*Exercise requirements*.
Using the data below, copy out all lines with the word "dimtoh".

[Saved entries]
┏━━

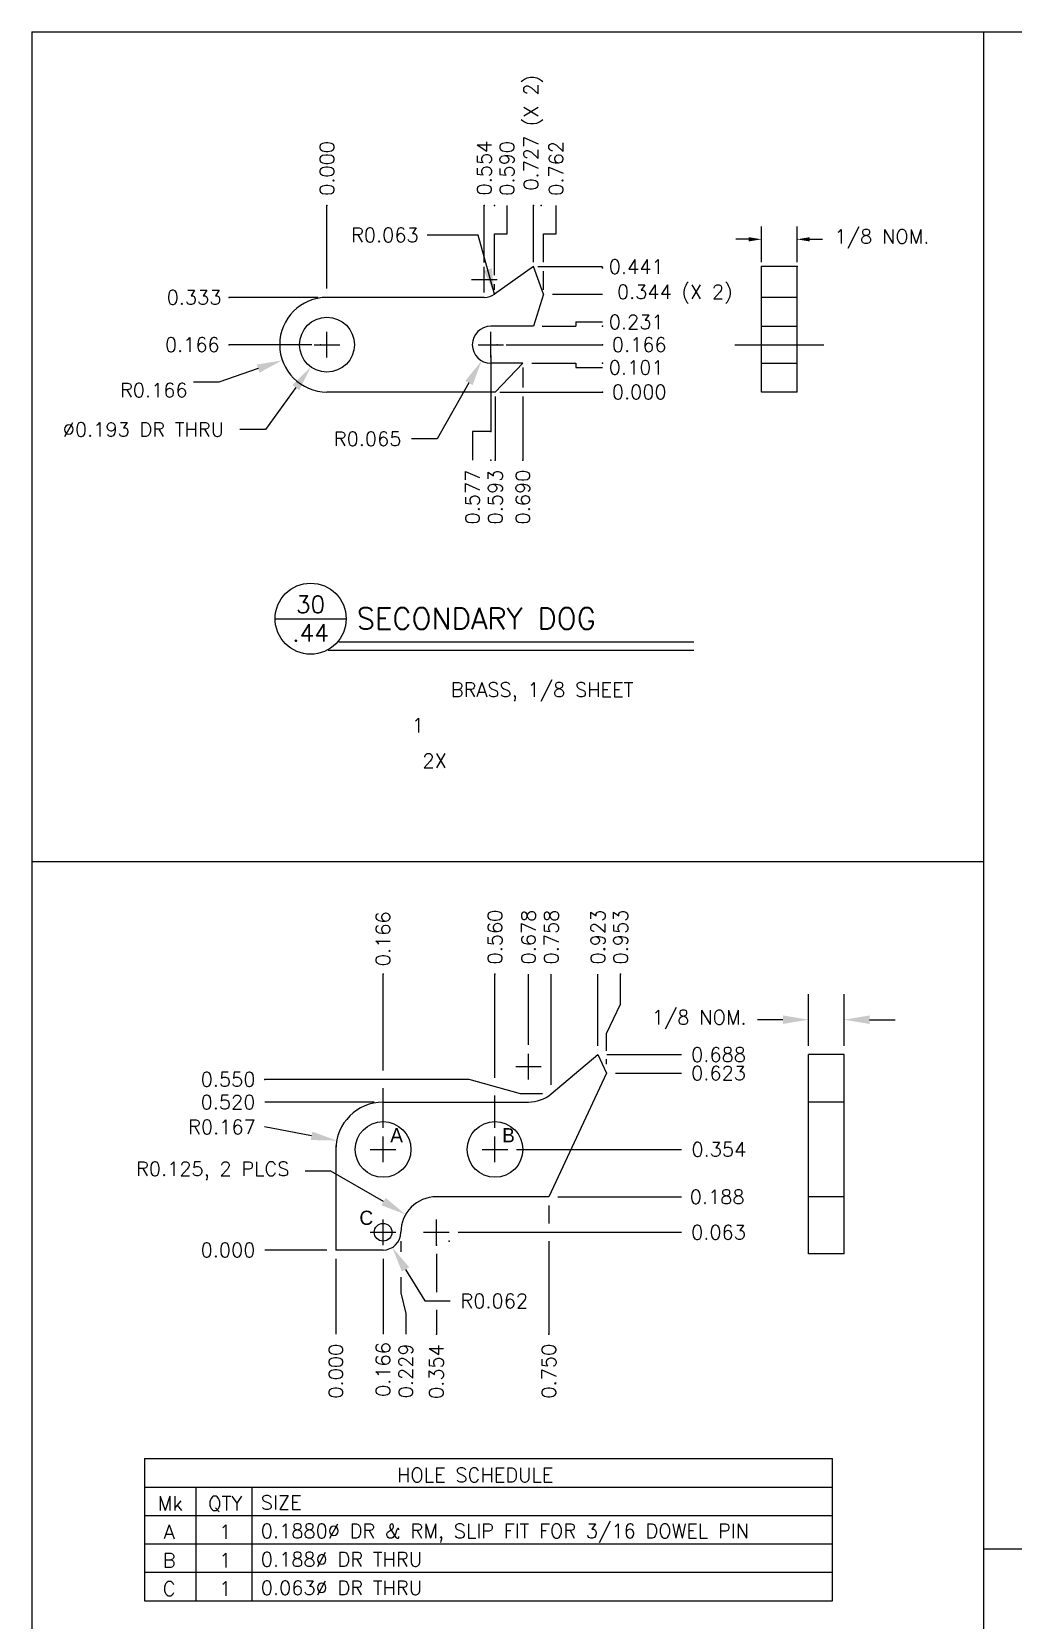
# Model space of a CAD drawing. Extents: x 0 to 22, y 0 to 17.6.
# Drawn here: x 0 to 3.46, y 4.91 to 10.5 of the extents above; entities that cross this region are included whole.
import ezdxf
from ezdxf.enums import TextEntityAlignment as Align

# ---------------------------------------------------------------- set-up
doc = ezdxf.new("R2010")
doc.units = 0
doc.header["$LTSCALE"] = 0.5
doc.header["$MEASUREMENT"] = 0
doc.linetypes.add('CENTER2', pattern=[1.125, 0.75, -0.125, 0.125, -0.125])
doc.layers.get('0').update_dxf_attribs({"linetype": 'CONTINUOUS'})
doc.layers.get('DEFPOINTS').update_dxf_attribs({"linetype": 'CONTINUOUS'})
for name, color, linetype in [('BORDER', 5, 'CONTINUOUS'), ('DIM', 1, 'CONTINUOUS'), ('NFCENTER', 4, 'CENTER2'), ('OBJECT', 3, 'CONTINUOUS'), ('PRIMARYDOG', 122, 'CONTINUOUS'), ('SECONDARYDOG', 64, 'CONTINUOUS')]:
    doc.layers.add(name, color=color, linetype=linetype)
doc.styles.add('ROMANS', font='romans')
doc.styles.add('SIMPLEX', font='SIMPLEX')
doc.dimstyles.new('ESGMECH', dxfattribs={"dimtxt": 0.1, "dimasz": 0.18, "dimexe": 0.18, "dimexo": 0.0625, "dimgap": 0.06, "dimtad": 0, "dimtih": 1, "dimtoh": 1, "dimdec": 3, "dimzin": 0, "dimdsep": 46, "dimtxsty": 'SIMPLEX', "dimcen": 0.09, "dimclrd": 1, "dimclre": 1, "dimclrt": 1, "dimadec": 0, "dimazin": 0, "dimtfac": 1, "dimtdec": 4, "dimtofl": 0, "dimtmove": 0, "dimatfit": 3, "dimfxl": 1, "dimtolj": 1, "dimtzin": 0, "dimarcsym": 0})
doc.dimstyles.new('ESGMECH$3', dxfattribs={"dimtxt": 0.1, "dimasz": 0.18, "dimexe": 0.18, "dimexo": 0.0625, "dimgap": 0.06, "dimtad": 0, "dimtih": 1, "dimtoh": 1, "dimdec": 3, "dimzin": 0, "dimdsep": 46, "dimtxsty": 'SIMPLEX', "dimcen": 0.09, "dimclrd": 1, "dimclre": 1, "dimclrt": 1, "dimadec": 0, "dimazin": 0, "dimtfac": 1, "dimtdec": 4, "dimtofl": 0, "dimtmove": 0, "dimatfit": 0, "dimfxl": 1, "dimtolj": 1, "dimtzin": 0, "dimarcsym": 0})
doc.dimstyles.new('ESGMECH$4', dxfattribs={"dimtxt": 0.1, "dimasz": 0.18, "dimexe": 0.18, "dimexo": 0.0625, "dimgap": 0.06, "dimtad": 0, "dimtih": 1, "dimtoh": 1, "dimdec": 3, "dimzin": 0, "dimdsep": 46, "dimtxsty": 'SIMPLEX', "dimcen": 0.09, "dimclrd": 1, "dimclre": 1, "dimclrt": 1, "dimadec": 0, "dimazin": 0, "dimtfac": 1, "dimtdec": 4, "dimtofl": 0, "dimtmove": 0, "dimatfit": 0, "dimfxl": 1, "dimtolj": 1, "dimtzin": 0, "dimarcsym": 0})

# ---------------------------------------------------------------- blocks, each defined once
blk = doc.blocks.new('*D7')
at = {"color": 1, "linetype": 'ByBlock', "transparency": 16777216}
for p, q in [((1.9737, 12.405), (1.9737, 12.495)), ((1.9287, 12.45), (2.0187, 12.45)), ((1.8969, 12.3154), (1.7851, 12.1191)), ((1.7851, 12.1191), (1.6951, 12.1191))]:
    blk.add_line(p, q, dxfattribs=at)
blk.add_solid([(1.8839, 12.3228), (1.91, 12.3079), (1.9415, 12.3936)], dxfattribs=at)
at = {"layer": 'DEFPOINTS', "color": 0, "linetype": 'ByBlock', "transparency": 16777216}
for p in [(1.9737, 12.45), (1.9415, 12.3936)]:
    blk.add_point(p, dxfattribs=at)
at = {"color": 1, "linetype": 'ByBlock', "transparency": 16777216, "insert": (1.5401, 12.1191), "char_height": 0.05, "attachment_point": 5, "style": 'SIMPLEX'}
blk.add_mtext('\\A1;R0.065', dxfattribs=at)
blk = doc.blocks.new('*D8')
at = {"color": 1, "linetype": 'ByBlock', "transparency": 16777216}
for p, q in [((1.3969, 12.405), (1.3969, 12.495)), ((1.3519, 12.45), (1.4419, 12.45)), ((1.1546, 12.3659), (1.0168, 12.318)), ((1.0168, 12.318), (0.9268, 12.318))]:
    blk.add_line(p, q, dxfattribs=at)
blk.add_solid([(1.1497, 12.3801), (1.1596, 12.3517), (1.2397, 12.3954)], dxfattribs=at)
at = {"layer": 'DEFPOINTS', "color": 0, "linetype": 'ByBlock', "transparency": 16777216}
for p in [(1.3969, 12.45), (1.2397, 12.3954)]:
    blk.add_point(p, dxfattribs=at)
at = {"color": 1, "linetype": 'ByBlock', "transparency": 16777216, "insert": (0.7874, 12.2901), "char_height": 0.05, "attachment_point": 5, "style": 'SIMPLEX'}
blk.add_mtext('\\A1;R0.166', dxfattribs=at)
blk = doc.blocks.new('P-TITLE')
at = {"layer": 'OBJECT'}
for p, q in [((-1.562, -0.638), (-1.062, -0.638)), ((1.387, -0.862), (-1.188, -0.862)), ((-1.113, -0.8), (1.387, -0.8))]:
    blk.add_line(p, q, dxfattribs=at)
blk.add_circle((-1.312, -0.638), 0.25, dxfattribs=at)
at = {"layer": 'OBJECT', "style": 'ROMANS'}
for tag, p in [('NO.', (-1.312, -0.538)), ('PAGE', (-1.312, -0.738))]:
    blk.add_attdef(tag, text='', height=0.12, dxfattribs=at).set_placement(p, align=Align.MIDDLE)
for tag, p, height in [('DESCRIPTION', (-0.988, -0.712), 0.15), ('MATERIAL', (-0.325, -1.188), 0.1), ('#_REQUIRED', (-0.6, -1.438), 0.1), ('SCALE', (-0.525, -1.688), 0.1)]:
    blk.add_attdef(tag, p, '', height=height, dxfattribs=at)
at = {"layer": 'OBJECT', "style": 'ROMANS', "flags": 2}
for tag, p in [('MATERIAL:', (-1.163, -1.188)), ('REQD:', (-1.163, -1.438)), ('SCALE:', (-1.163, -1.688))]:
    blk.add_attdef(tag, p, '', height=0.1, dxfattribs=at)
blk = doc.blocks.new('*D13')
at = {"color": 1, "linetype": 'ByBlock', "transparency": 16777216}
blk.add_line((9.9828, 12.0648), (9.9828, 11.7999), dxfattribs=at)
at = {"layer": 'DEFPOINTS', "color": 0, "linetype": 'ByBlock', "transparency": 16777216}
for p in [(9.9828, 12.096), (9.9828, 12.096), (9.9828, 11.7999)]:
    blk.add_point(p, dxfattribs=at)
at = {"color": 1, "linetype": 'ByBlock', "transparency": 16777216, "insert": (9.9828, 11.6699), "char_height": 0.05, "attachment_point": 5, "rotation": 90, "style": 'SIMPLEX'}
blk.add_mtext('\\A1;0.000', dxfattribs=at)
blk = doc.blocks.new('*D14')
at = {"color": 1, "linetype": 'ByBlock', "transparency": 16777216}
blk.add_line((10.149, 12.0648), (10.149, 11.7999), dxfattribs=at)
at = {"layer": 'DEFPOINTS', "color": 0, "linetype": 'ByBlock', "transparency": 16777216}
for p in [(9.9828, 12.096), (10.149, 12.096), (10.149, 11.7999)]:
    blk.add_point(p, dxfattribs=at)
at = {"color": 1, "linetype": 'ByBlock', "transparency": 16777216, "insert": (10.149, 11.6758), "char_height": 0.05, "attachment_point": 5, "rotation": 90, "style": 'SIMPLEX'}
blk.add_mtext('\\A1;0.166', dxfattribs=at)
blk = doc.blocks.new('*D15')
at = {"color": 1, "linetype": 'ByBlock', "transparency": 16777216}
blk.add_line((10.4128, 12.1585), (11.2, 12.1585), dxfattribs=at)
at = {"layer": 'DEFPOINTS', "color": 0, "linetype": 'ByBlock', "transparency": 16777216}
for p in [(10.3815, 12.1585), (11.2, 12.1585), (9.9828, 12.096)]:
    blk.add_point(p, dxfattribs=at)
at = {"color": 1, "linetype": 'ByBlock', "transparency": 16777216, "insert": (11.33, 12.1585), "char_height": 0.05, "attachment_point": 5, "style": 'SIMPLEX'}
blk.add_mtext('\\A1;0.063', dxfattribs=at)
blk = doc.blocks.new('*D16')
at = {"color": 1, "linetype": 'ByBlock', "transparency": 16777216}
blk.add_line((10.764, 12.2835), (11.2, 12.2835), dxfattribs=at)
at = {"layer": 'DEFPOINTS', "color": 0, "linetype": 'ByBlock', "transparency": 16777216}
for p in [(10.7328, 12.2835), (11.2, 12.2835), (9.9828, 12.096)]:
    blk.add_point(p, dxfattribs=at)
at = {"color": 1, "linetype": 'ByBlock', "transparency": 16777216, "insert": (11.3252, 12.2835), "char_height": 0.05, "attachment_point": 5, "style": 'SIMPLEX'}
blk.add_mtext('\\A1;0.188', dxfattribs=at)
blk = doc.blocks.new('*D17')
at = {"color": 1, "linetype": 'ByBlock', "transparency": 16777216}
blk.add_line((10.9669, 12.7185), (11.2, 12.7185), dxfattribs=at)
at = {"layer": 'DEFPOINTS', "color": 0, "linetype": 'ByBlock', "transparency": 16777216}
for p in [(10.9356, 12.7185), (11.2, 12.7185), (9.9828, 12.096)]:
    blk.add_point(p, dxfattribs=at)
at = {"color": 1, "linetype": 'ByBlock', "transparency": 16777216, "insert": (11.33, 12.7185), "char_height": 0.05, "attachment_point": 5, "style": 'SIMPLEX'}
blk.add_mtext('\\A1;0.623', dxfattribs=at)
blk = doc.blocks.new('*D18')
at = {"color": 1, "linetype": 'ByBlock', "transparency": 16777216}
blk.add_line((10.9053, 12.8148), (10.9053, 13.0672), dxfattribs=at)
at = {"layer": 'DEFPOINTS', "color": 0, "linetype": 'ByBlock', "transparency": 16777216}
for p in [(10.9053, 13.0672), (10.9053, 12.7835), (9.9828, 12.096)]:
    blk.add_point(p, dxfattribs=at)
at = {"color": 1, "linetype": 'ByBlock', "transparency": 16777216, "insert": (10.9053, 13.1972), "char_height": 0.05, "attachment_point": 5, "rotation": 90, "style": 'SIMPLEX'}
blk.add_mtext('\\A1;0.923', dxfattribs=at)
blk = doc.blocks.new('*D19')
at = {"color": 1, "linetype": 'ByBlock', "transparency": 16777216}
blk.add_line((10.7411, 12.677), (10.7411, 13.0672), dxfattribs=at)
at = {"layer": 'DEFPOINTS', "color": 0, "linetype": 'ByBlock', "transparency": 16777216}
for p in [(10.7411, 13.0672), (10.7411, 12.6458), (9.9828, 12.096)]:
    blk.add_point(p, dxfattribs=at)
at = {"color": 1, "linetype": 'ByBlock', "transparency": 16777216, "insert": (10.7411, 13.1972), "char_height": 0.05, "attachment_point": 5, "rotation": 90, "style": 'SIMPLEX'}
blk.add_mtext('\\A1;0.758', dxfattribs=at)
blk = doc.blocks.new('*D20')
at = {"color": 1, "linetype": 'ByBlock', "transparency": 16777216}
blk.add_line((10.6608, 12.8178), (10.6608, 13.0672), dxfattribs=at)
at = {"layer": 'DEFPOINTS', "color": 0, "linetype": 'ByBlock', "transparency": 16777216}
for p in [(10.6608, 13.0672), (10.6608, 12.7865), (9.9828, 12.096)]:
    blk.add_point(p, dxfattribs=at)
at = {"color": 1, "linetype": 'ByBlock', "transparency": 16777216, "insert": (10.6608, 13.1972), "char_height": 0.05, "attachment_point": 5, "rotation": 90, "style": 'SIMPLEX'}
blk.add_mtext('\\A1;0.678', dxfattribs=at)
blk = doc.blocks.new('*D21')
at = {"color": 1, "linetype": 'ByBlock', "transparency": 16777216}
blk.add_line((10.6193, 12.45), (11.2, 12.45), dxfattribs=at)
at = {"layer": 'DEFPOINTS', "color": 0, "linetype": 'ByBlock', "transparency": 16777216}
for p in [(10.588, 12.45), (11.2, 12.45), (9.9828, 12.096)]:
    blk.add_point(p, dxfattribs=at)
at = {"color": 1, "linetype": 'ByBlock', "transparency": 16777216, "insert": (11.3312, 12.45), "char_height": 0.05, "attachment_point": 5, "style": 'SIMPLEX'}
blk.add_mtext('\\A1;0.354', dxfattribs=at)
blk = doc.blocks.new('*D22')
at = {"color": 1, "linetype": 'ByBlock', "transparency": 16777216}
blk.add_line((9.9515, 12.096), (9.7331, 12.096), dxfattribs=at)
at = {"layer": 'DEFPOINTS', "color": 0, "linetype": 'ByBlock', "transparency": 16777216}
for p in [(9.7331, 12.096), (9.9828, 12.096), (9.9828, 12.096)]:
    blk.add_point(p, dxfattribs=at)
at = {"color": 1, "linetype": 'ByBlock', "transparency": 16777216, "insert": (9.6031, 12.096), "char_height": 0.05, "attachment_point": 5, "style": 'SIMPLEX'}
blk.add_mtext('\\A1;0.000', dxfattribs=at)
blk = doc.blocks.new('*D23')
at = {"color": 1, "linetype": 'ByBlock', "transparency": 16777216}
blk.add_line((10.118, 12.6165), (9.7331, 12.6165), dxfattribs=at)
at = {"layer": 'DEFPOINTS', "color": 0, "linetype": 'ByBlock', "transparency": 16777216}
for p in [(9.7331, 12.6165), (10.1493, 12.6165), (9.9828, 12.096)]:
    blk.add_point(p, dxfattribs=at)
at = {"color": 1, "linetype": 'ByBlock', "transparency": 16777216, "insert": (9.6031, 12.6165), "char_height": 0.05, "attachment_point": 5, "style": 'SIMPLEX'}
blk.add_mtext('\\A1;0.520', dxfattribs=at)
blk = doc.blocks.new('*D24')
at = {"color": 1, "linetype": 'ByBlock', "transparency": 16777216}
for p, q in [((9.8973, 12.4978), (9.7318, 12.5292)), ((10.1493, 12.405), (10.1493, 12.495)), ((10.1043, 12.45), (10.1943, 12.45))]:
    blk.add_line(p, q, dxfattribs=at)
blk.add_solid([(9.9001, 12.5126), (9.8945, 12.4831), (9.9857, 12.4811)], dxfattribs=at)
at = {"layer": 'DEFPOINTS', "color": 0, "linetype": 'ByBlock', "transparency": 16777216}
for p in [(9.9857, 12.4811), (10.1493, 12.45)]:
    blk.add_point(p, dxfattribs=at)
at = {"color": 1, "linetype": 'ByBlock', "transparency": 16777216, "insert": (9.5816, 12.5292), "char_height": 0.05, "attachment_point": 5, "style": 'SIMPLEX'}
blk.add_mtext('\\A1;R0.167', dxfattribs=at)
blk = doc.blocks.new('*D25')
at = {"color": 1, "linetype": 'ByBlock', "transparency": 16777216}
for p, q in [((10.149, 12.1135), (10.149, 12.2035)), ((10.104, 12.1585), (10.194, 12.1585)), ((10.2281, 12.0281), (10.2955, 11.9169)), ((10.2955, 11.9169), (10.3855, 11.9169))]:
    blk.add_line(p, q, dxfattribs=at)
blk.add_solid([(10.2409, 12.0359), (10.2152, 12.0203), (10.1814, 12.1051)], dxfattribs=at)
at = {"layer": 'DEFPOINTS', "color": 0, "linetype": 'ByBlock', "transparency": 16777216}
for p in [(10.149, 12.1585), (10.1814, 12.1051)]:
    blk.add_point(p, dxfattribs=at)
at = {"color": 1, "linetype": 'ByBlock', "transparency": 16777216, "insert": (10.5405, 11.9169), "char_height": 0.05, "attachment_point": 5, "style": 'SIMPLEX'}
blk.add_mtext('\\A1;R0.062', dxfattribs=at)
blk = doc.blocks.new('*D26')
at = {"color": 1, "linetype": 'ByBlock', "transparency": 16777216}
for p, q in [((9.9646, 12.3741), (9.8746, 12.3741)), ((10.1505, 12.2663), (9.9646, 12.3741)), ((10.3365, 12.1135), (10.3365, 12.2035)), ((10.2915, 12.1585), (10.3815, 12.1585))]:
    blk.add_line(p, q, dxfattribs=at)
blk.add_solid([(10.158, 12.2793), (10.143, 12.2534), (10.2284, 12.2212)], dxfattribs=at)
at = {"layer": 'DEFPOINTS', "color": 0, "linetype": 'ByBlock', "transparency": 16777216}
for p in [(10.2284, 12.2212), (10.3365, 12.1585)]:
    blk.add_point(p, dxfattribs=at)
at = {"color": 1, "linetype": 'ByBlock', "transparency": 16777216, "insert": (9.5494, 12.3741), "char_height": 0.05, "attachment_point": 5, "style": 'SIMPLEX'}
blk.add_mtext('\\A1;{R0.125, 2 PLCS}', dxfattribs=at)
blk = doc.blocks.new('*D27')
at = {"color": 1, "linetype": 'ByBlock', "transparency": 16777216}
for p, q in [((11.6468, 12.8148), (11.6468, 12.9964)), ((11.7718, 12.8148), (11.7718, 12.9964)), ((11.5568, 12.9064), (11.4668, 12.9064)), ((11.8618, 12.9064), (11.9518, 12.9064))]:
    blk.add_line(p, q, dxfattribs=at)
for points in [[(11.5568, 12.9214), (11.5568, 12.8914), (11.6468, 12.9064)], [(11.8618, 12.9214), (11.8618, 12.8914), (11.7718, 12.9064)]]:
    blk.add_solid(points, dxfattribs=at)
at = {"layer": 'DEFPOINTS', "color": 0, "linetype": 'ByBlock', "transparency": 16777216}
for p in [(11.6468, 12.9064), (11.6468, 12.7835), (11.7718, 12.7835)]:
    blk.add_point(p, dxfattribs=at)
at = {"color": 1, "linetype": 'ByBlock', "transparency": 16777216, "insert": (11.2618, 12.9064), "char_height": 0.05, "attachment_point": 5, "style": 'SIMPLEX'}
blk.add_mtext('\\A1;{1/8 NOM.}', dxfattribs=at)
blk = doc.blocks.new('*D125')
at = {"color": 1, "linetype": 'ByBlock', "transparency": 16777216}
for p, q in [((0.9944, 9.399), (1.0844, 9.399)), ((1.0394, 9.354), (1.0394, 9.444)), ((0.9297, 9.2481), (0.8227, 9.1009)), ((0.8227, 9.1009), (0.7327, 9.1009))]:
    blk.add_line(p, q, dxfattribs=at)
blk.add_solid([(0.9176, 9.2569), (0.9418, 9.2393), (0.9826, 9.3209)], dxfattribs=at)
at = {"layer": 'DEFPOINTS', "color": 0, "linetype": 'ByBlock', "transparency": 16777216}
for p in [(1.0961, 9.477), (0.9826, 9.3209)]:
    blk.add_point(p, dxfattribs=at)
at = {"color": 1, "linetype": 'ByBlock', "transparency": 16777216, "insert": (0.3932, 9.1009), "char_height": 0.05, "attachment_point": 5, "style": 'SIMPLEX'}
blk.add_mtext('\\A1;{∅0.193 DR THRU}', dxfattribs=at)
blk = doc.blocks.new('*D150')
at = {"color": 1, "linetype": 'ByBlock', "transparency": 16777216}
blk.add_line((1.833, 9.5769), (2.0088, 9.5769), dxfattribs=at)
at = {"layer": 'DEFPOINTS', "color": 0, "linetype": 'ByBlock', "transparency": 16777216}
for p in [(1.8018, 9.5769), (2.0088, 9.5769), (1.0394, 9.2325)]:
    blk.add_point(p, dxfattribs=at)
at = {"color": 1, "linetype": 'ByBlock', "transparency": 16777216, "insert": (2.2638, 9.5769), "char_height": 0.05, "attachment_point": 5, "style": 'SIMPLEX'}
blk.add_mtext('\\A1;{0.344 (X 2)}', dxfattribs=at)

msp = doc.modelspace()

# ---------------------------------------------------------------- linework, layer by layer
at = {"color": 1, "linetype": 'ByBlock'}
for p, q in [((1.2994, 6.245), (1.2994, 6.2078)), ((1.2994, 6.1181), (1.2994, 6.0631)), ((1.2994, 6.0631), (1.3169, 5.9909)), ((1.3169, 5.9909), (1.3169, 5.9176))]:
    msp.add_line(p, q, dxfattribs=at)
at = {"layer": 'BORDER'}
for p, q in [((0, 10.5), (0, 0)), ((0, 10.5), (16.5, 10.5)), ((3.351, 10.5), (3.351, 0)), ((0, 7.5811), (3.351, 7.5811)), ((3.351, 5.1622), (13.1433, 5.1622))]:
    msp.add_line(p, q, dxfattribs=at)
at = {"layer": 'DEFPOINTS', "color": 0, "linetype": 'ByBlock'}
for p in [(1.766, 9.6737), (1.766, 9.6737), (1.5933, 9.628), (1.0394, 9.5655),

┗━━

*Written answer*.
doc.dimstyles.new('ESGMECH', dxfattribs={"dimtxt": 0.1, "dimasz": 0.18, "dimexe": 0.18, "dimexo": 0.0625, "dimgap": 0.06, "dimtad": 0, "dimtih": 1, "dimtoh": 1, "dimdec": 3, "dimzin": 0, "dimdsep": 46, "dimtxsty": 'SIMPLEX', "dimcen": 0.09, "dimclrd": 1, "dimclre": 1, "dimclrt": 1, "dimadec": 0, "dimazin": 0, "dimtfac": 1, "dimtdec": 4, "dimtofl": 0, "dimtmove": 0, "dimatfit": 3, "dimfxl": 1, "dimtolj": 1, "dimtzin": 0, "dimarcsym": 0})
doc.dimstyles.new('ESGMECH$3', dxfattribs={"dimtxt": 0.1, "dimasz": 0.18, "dimexe": 0.18, "dimexo": 0.0625, "dimgap": 0.06, "dimtad": 0, "dimtih": 1, "dimtoh": 1, "dimdec": 3, "dimzin": 0, "dimdsep": 46, "dimtxsty": 'SIMPLEX', "dimcen": 0.09, "dimclrd": 1, "dimclre": 1, "dimclrt": 1, "dimadec": 0, "dimazin": 0, "dimtfac": 1, "dimtdec": 4, "dimtofl": 0, "dimtmove": 0, "dimatfit": 0, "dimfxl": 1, "dimtolj": 1, "dimtzin": 0, "dimarcsym": 0})
doc.dimstyles.new('ESGMECH$4', dxfattribs={"dimtxt": 0.1, "dimasz": 0.18, "dimexe": 0.18, "dimexo": 0.0625, "dimgap": 0.06, "dimtad": 0, "dimtih": 1, "dimtoh": 1, "dimdec": 3, "dimzin": 0, "dimdsep": 46, "dimtxsty": 'SIMPLEX', "dimcen": 0.09, "dimclrd": 1, "dimclre": 1, "dimclrt": 1, "dimadec": 0, "dimazin": 0, "dimtfac": 1, "dimtdec": 4, "dimtofl": 0, "dimtmove": 0, "dimatfit": 0, "dimfxl": 1, "dimtolj": 1, "dimtzin": 0, "dimarcsym": 0})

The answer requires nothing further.